Among the records below, find each line containing the word "units" and copy it.

- RECORDS -
+ + + +

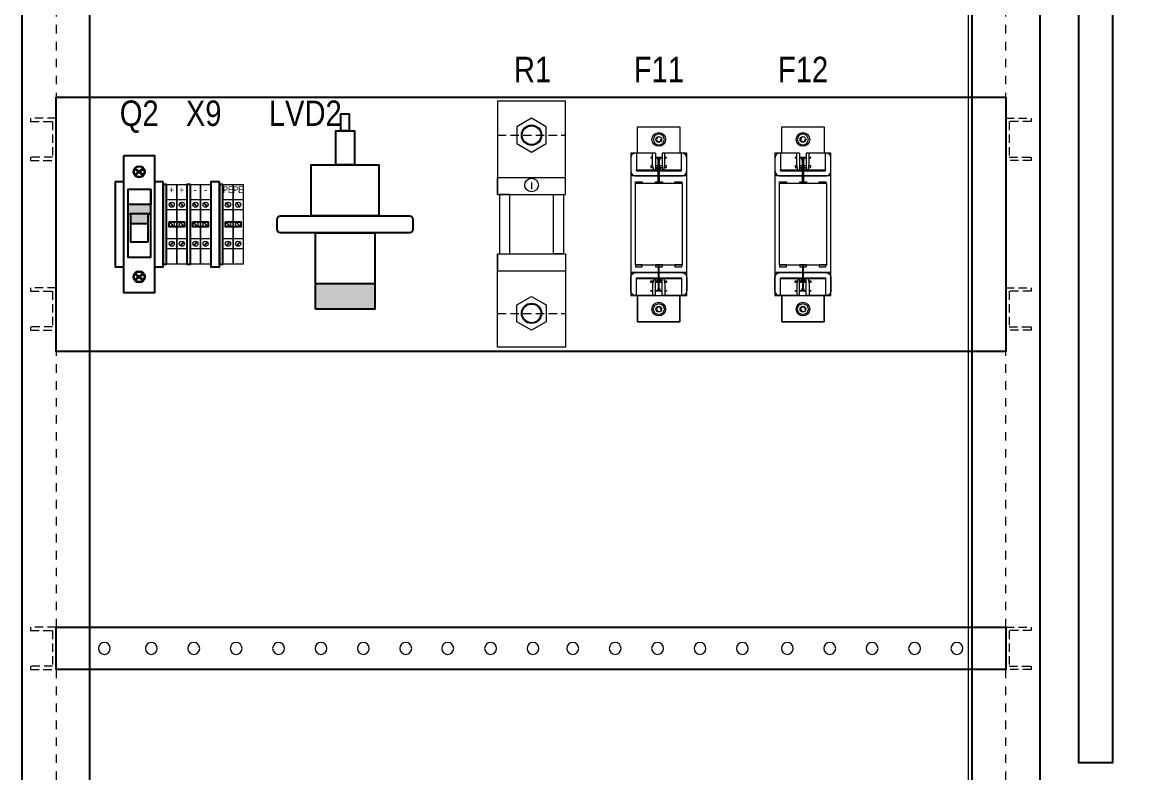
# Model space of a CAD drawing. Header units: millimetres. Extents: x 9130 to 9550, y -18883 to -17651.
# Drawn here: x 9220.3 to 9285.5, y -18809.5 to -18765.2 of the extents above; entities that cross this region are included whole.
import ezdxf

# ---------------------------------------------------------------- set-up
doc = ezdxf.new("R2010")
doc.units = ezdxf.units.MM
doc.linetypes.add('DASHED', pattern=[0.75, 0.5, -0.25])
doc.linetypes.add('EPL_DASH', pattern=[1, 0.5, -0.5])
for name, color, linetype in [('00 uvodnice', 82, 'Continuous'), ('01-KOSTUR ORMARA', 7, 'Continuous'), ('02-MODULI', 7, 'Continuous'), ('03-1 SD DISTRIBUCIJA', 7, 'Continuous'), ('DIMENS', 4, 'Continuous')]:
    doc.layers.add(name, color=color, linetype=linetype)
doc.layers.add('06-BATERIJA', color=1, linetype='Continuous', lineweight=0)
doc.styles.add('ARIAL NARROW', font='ARIALN.TTF')

# ---------------------------------------------------------------- blocks, each defined once
blk = doc.blocks.new('m-osigurac PK 00')
at = {"layer": '03-1 SD DISTRIBUCIJA', "color": 5, "linetype": 'Continuous', "lineweight": 15}
for points in [[(-1.25, 9.2), (-1.25, 10.75), (1.25, 10.75), (1.25, 9.2)], [(0, 7.4), (-1.4, 7.4), (-1.4, 2.6), (1.4, 2.6), (1.4, 7.4), (-1.4, 7.4)], [(-1.25, 0.8), (-1.25, -0.75), (1.25, -0.75), (1.25, 0.8)]]:
    blk.add_lwpolyline(points, dxfattribs=at)
at = {"layer": '03-1 SD DISTRIBUCIJA', "color": 1, "linetype": 'Continuous', "lineweight": 15}
for points in [[(0, 9.663), (0.238, 9.762), (0.337, 10), (0.238, 10.238), (0, 10.337), (-0.238, 10.238), (-0.337, 10), (-0.238, 9.762)], [(0, 0.337), (0.238, 0.238), (0.337, 0), (0.238, -0.238), (0, -0.337), (-0.238, -0.238), (-0.337, 0), (-0.238, 0.238)]]:
    blk.add_lwpolyline(points, close=True, dxfattribs=at)
for points in [[(-0.2, 9.2), (-1.65, 9.2), (-1.65, 0.8), (1.65, 0.8), (1.65, 9.2), (0.2, 9.2)], [(1.65, 7.85), (-1.65, 7.85)], [(1.65, 2.15), (-1.65, 2.15)], [(-1.65, 2.15), (1.65, 2.15)], [(1.25, 0.8), (1.25, -0.75), (-1.25, -0.75), (-1.25, 0.8)]]:
    blk.add_lwpolyline(points, dxfattribs=at)
at = {"layer": '03-1 SD DISTRIBUCIJA', "color": 3, "linetype": 'Continuous', "lineweight": 15}
for points in [[(-0.2, 9.2), (-1.35, 9.2, 0.414214), (-1.65, 8.9), (-1.65, 8.15, 0.414214), (-1.35, 7.85), (1.35, 7.85, 0.414214), (1.65, 8.15), (1.65, 8.9, 0.414214), (1.35, 9.2), (0.2, 9.2)], [(-0.2, 0.8), (-1.35, 0.8, -0.414214), (-1.65, 1.1), (-1.65, 1.85, -0.414214), (-1.35, 2.15), (1.35, 2.15, -0.414214), (1.65, 1.85), (1.65, 1.1, -0.414214), (1.35, 0.8), (0.2, 0.8)]]:
    blk.add_lwpolyline(points, format="xyb", dxfattribs=at)
for points in [[(-1.315, 9.2), (-1.315, 8.149), (1.333, 8.149), (1.333, 9.2)], [(-0.2, 9.2), (-0.2, 8.2), (-0.3, 8.2), (-0.366, 8.53), (-0.366, 9.2)], [(0.2, 9.2), (0.2, 8.2), (0.3, 8.2), (0.366, 8.53), (0.366, 9.2)], [(-0.366, 8.939), (-0.4, 8.939), (-0.46, 8.939), (-0.46, 8.906), (-0.366, 8.906)], [(0.2, 8.939), (-0.2, 8.939)], [(-0.2, 8.906), (0.2, 8.906)], [(0.366, 8.906), (0.456, 8.906), (0.456, 8.939), (0.366, 8.939)], [(-1.315, 8.149), (-1.315, 8.199), (1.333, 8.199)], [(-0.348, 8.442), (-0.4, 8.442), (-0.46, 8.442), (-0.46, 8.342), (-0.328, 8.342)], [(0.2, 8.442), (-0.2, 8.442)], [(-0.2, 8.342), (0.2, 8.342)], [(0.328, 8.342), (0.456, 8.342), (0.456, 8.442), (0.348, 8.442)], [(-1.378, 7.4), (-1.378, 7.5), (-1.178, 7.5), (-0.978, 7.5), (-0.978, 7.4), (-1.378, 7.4)], [(-0.188, 7.4), (-0.188, 7.5), (0.012, 7.5), (0.212, 7.5), (0.212, 7.4), (-0.188, 7.4)], [(0.954, 7.4), (0.954, 7.5), (1.154, 7.5), (1.354, 7.5), (1.354, 7.4), (0.954, 7.4)], [(-1.378, 2.6), (-1.378, 2.5), (-1.178, 2.5), (-0.978, 2.5), (-0.978, 2.6), (-1.378, 2.6)], [(-0.188, 2.6), (-0.188, 2.5), (0.012, 2.5), (0.212, 2.5), (0.212, 2.6), (-0.188, 2.6)], [(0.954, 2.6), (0.954, 2.5), (1.154, 2.5), (1.354, 2.5), (1.354, 2.6), (0.954, 2.6)], [(-1.315, 1.851), (-1.315, 1.801), (1.333, 1.801)], [(-1.315, 0.8), (-1.315, 1.851), (1.333, 1.851), (1.333, 0.8)], [(-0.348, 1.558), (-0.4, 1.558), (-0.46, 1.558), (-0.46, 1.658), (-0.328, 1.658)], [(-0.348, 1.558), (-0.4, 1.558), (-0.46, 1.558), (-0.46, 1.658), (-0.328, 1.658)], [(-0.2, 0.8), (-0.2, 1.8), (-0.3, 1.8), (-0.366, 1.47), (-0.366, 0.8)], [(-0.2, 0.8), (-0.2, 1.8), (-0.3, 1.8), (-0.366, 1.47), (-0.366, 0.8)], [(-0.2, 1.658), (0.2, 1.658)], [(-0.2, 1.658), (0.2, 1.658)], [(0.2, 1.558), (-0.2, 1.558)], [(0.2, 1.558), (-0.2, 1.558)], [(0.2, 0.8), (0.2, 1.8), (0.3, 1.8), (0.366, 1.47), (0.366, 0.8)], [(0.2, 0.8), (0.2, 1.8), (0.3, 1.8), (0.366, 1.47), (0.366, 0.8)], [(0.328, 1.658), (0.456, 1.658), (0.456, 1.558), (0.348, 1.558)], [(0.328, 1.658), (0.456, 1.658), (0.456, 1.558), (0.348, 1.558)], [(-0.366, 1.061), (-0.4, 1.061), (-0.46, 1.061), (-0.46, 1.094), (-0.366, 1.094)], [(-0.366, 1.061), (-0.4, 1.061), (-0.46, 1.061), (-0.46, 1.094), (-0.366, 1.094)], [(-0.2, 1.094), (0.2, 1.094)], [(-0.2, 1.094), (0.2, 1.094)], [(0.2, 1.061), (-0.2, 1.061)], [(0.2, 1.061), (-0.2, 1.061)], [(0.366, 1.094), (0.456, 1.094), (0.456, 1.061), (0.366, 1.061)], [(0.366, 1.094), (0.456, 1.094), (0.456, 1.061), (0.366, 1.061)]]:
    blk.add_lwpolyline(points, dxfattribs=at)
at = {"layer": '03-1 SD DISTRIBUCIJA', "color": 5, "linetype": 'Continuous', "lineweight": 15}
for points in [[(-0.03, 7.4), (-0.03, 8.9), (0.03, 8.9), (0.03, 7.4), (-0.03, 7.4)], [(-0.03, 2.6), (-0.03, 1.1), (0.03, 1.1), (0.03, 2.6), (-0.03, 2.6)]]:
    blk.add_lwpolyline(points, close=True, dxfattribs=at)
at = {"layer": '03-1 SD DISTRIBUCIJA', "color": 1, "linetype": 'Continuous', "lineweight": 15}
for centre in [(0, 10), (0, 0)]:
    blk.add_circle(centre, 0.4, dxfattribs=at)
at = {"layer": '03-1 SD DISTRIBUCIJA', "color": 3, "linetype": 'Continuous', "lineweight": 15}
for centre, radius in [((0, 10), 0.17), ((-0.001, 8.824), 0.06), ((0, 8.3), 0.1), ((0, 1.7), 0.1), ((0, 1.7), 0.1), ((-0.001, 1.176), 0.06), ((-0.001, 1.176), 0.06), ((0, 0), 0.17)]:
    blk.add_circle(centre, radius, dxfattribs=at)
for centre, start, end in [((0, 10), 120.48407, 8.96132), ((0, 0), 351.03868, 239.51593)]:
    blk.add_arc(centre, 0.128, start, end, dxfattribs=at)
blk = doc.blocks.new('Aut. osig. 1p')
h = blk.add_hatch(color=2)
h.dxf.hatch_style = 1
h.paths.add_polyline_path([(1.58, 5.212), (0.239, 5.212), (0.239, 4.658), (1.58, 4.658)])
h.paths.add_polyline_path([(1.437, 4.658), (0.382, 4.658), (0.382, 4.104), (1.437, 4.104)])
at = {"color": 3}
for p, q in [((0.845, 7.158), (0.618, 7.33)), ((0.867, 7.193), (0.643, 7.363)), ((1.151, 7.37), (0.925, 7.198)), ((1.177, 7.337), (0.953, 7.167)), ((0.845, 7.137), (0.618, 6.966)), ((0.867, 7.102), (0.643, 6.932)), ((1.151, 6.925), (0.925, 7.097)), ((1.177, 6.958), (0.953, 7.128)), ((0.845, 0.963), (0.618, 1.134)), ((0.845, 0.942), (0.618, 0.77)), ((0.867, 0.998), (0.643, 1.168)), ((0.867, 0.907), (0.643, 0.737)), ((1.151, 1.175), (0.925, 1.003)), ((1.151, 0.73), (0.925, 0.902)), ((1.177, 1.142), (0.953, 0.972)), ((1.177, 0.763), (0.953, 0.933))]:
    blk.add_line(p, q, dxfattribs=at)
at = {"color": 1}
blk.add_lwpolyline([(0, 8.1), (1.8, 8.1), (1.8, 0), (0, 0)], close=True, dxfattribs=at)
blk.add_lwpolyline([(1.58, 6.099), (0.239, 6.099), (0.239, 2.11), (1.58, 2.11), (1.58, 6.099), (1.58, 5.212), (0.239, 5.212), (0.239, 4.658), (0.382, 4.658), (0.382, 3.019), (1.437, 3.019), (1.437, 4.658), (1.58, 4.658), (0.382, 4.658), (0.382, 4.104), (1.437, 4.104)], dxfattribs=at)
at = {"color": 3}
for centre, radius in [((0.9, 7.148), 0.335), ((0.9, 7.148), 0.301), ((0.9, 7.148), 0.0564), ((0.9, 0.952), 0.335), ((0.9, 0.952), 0.301), ((0.9, 0.952), 0.0564)]:
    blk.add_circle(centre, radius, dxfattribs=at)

+ + + +

- EXERCISE ANSWER -
# Model space of a CAD drawing. Header units: millimetres. Extents: x 9130 to 9550, y -18883 to -17651.
doc.units = ezdxf.units.MM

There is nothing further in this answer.